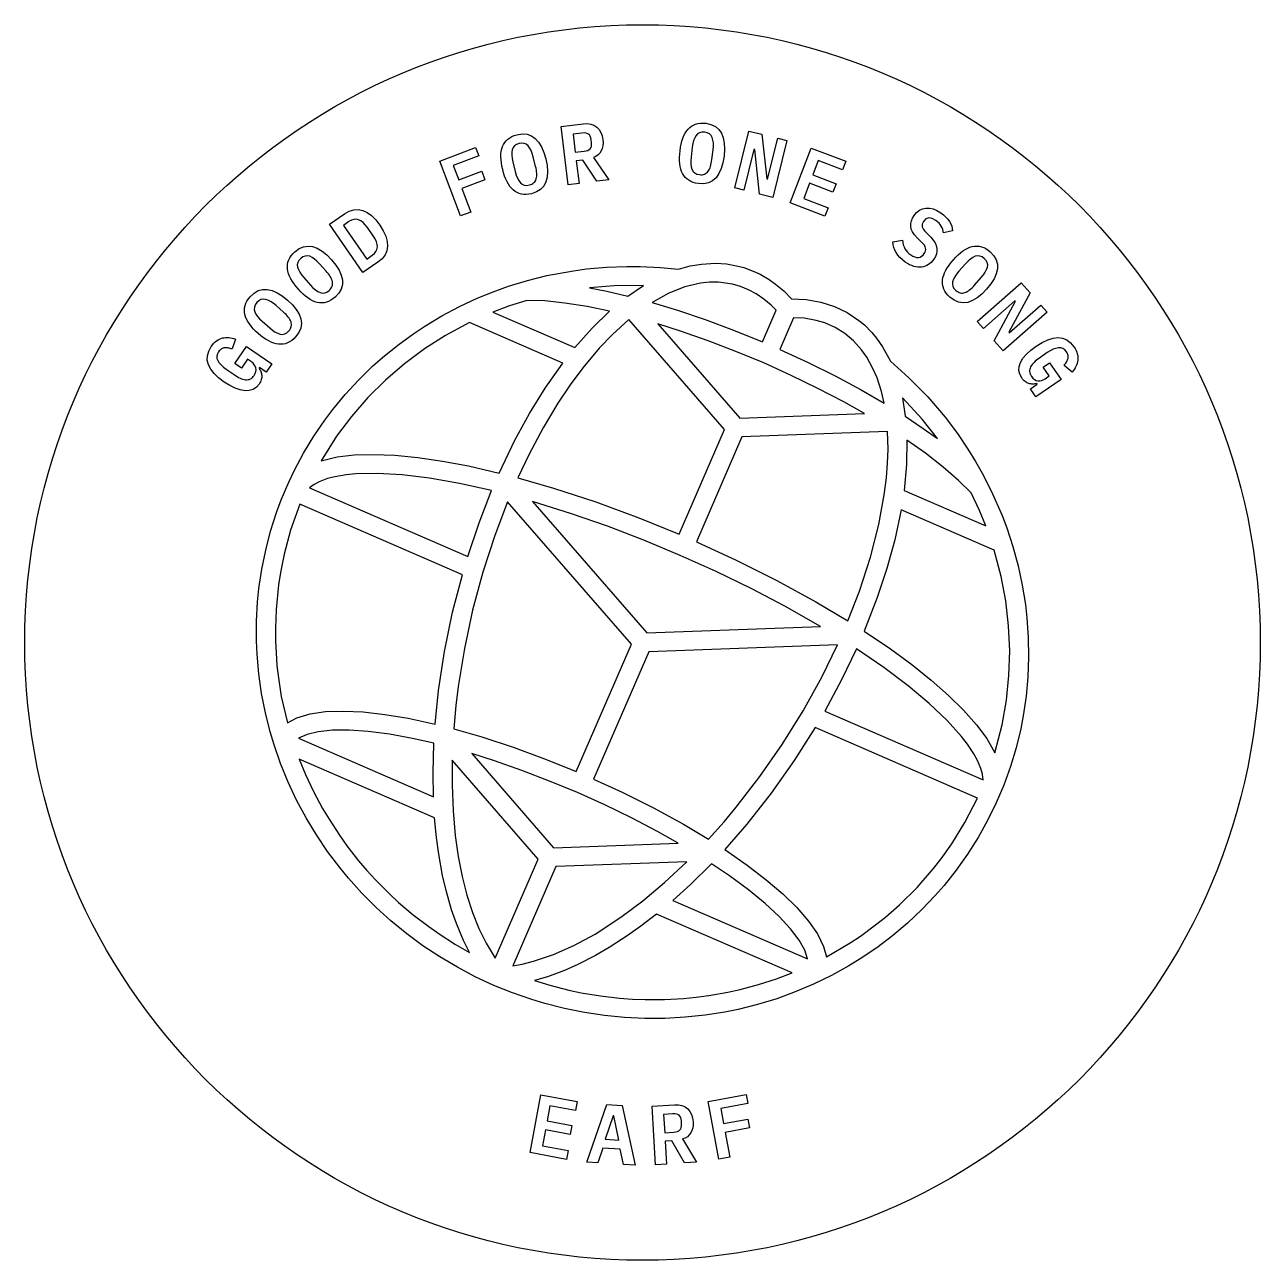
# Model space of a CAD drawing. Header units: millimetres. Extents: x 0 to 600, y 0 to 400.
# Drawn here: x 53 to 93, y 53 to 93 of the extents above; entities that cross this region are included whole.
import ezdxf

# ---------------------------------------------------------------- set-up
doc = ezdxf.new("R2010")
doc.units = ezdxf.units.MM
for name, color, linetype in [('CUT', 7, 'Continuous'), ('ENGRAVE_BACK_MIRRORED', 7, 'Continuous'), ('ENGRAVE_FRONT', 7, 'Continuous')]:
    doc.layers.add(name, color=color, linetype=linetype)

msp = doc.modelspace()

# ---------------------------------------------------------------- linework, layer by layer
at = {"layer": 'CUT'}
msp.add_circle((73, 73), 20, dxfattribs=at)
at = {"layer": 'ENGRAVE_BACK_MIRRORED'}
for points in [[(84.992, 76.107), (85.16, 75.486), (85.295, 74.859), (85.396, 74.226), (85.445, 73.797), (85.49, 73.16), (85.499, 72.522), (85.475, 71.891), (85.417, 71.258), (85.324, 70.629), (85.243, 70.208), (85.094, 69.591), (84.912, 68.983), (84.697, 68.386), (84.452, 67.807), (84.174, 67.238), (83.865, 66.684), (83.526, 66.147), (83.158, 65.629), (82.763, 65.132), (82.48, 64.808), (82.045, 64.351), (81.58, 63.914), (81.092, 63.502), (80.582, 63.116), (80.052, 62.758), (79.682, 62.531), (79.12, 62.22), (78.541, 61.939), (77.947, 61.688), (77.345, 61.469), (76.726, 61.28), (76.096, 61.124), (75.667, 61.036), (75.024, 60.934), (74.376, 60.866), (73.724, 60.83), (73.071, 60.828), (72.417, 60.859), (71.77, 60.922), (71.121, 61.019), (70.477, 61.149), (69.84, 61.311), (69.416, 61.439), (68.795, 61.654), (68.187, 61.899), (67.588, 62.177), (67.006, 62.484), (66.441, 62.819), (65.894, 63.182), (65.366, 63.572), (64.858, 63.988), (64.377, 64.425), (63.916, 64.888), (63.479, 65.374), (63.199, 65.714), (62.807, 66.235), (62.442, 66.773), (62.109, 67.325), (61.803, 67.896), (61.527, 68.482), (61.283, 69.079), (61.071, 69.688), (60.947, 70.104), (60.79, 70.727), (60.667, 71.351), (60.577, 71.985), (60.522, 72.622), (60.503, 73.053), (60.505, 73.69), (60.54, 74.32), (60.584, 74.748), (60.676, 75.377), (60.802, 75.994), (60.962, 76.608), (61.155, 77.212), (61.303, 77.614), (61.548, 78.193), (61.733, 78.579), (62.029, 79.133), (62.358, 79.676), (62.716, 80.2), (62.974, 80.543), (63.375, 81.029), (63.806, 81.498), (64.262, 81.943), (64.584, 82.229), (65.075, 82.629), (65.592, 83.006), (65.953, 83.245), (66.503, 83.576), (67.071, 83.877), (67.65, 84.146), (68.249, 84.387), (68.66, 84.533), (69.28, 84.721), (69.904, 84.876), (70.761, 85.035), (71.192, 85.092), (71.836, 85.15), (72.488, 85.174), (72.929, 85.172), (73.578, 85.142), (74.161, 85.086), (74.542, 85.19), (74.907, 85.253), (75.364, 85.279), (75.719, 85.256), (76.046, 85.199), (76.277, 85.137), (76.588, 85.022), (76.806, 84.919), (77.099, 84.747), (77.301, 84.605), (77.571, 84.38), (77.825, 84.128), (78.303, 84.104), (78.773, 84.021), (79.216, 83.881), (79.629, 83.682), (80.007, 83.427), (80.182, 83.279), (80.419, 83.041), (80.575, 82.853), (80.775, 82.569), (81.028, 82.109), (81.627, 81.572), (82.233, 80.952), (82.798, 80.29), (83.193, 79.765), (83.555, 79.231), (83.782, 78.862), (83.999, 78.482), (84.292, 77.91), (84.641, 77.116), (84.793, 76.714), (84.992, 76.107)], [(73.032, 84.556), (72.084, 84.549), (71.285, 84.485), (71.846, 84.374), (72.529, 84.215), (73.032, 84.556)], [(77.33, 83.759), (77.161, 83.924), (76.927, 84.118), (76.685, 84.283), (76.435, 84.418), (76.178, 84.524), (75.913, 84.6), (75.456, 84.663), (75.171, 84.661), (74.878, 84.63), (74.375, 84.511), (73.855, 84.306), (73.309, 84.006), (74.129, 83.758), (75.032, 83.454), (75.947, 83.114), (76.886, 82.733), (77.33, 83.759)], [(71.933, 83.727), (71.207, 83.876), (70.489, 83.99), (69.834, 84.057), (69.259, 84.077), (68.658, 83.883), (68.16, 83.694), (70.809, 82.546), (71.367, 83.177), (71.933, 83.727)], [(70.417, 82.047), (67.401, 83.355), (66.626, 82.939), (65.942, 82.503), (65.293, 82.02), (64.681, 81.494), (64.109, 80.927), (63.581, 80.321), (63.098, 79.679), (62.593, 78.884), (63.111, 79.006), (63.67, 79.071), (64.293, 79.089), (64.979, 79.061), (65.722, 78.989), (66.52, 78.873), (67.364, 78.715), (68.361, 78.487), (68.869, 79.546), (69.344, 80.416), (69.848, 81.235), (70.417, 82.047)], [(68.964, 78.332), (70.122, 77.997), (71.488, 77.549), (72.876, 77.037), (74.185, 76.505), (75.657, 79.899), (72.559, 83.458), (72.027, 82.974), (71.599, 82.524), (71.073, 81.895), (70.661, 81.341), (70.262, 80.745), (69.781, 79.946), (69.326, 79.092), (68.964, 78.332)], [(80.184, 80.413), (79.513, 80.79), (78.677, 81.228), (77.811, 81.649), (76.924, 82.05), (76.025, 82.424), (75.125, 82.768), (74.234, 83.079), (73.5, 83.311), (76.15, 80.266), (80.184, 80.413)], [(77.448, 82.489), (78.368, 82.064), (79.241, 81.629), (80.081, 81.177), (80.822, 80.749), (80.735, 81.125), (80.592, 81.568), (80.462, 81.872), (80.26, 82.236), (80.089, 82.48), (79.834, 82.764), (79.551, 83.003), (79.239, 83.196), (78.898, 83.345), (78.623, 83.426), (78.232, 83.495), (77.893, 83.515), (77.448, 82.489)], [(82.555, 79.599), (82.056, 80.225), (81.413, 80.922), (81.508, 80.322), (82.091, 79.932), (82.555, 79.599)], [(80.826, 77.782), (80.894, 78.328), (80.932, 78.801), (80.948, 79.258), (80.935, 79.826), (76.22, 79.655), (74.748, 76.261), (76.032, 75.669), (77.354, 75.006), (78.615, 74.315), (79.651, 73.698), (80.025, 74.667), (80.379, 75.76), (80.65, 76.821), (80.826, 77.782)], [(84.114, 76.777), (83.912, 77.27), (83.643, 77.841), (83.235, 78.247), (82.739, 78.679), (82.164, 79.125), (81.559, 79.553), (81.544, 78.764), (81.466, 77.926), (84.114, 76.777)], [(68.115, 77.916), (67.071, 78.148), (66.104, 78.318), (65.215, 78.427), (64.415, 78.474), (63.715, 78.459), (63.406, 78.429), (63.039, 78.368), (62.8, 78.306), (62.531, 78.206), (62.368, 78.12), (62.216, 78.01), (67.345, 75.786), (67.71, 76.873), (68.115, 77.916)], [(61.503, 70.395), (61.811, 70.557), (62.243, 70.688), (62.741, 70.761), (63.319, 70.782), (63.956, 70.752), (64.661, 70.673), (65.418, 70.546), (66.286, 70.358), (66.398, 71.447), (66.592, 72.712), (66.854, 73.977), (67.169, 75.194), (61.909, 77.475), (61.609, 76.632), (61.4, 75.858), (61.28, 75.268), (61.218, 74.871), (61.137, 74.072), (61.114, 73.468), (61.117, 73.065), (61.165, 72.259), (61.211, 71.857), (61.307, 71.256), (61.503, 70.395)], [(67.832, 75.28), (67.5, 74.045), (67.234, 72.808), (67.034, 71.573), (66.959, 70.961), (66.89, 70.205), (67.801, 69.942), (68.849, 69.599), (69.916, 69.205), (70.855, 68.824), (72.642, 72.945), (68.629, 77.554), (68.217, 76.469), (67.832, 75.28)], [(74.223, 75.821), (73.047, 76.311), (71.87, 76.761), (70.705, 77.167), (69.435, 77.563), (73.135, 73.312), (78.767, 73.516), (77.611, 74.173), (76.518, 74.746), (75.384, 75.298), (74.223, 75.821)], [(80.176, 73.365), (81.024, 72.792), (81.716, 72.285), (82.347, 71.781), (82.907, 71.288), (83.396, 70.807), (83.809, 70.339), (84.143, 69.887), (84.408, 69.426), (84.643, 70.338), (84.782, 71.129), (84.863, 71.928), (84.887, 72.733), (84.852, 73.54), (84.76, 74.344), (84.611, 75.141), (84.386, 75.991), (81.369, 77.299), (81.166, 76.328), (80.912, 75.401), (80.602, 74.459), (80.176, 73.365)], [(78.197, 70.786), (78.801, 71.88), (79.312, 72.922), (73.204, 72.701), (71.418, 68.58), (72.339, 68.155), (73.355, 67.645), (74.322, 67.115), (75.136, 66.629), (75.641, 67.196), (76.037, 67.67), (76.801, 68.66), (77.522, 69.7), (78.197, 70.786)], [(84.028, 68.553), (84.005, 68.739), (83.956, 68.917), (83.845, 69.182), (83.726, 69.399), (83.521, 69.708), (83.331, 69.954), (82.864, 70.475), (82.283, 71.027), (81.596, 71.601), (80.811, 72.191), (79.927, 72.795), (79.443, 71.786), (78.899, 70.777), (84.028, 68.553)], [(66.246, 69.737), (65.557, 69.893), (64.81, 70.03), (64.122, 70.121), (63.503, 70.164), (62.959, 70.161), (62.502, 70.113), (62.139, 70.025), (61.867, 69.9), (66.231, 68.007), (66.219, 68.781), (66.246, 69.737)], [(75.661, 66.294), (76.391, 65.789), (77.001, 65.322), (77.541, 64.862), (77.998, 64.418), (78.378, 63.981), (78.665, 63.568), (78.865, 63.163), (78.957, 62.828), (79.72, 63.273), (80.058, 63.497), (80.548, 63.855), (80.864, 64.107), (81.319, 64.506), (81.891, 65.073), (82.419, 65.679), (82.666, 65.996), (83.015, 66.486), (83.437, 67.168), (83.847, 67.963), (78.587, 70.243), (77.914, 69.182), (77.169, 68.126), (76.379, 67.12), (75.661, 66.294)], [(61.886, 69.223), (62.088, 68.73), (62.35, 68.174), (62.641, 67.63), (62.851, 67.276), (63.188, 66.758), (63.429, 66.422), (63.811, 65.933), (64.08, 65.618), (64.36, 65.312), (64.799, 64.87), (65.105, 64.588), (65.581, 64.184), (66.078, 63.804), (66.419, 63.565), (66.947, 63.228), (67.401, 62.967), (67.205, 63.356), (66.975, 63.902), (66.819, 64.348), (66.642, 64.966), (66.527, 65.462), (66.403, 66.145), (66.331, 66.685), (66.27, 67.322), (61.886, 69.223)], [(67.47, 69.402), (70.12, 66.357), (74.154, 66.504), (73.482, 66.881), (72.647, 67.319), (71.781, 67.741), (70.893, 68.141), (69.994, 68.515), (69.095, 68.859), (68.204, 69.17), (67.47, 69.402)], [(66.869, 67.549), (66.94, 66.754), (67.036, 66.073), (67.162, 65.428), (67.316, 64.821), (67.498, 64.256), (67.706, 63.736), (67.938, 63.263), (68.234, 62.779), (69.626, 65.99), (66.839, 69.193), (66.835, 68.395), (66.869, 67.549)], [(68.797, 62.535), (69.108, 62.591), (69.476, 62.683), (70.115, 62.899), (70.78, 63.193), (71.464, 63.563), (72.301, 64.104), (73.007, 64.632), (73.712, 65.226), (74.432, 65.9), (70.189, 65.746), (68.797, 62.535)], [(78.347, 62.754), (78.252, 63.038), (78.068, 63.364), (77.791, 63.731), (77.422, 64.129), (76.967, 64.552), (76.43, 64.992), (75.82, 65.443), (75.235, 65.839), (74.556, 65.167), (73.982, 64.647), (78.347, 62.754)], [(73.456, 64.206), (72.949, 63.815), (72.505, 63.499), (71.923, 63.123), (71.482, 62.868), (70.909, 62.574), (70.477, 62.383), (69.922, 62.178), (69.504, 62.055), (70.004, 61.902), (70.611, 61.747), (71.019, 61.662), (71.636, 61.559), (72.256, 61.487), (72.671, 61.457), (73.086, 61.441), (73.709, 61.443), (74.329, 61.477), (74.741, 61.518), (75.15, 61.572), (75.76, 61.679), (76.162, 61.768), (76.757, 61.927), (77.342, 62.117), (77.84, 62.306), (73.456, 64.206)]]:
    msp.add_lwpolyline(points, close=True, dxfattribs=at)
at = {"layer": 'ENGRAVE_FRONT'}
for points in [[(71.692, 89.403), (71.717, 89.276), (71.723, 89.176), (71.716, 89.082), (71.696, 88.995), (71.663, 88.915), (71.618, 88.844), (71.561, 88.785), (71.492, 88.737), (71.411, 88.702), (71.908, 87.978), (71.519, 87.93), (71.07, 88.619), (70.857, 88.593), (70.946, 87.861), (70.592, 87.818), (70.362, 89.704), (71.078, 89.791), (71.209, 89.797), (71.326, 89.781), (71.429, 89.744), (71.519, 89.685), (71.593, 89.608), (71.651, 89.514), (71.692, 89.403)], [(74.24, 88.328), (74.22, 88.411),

■ ■ ■

Out of the listing above, reproduce exactly the lines from the one with "doc.units = ezdxf.units.MM" up to and including the one with "msp = doc.modelspace()".

doc.units = ezdxf.units.MM
for name, color, linetype in [('CUT', 7, 'Continuous'), ('ENGRAVE_BACK_MIRRORED', 7, 'Continuous'), ('ENGRAVE_FRONT', 7, 'Continuous')]:
    doc.layers.add(name, color=color, linetype=linetype)

msp = doc.modelspace()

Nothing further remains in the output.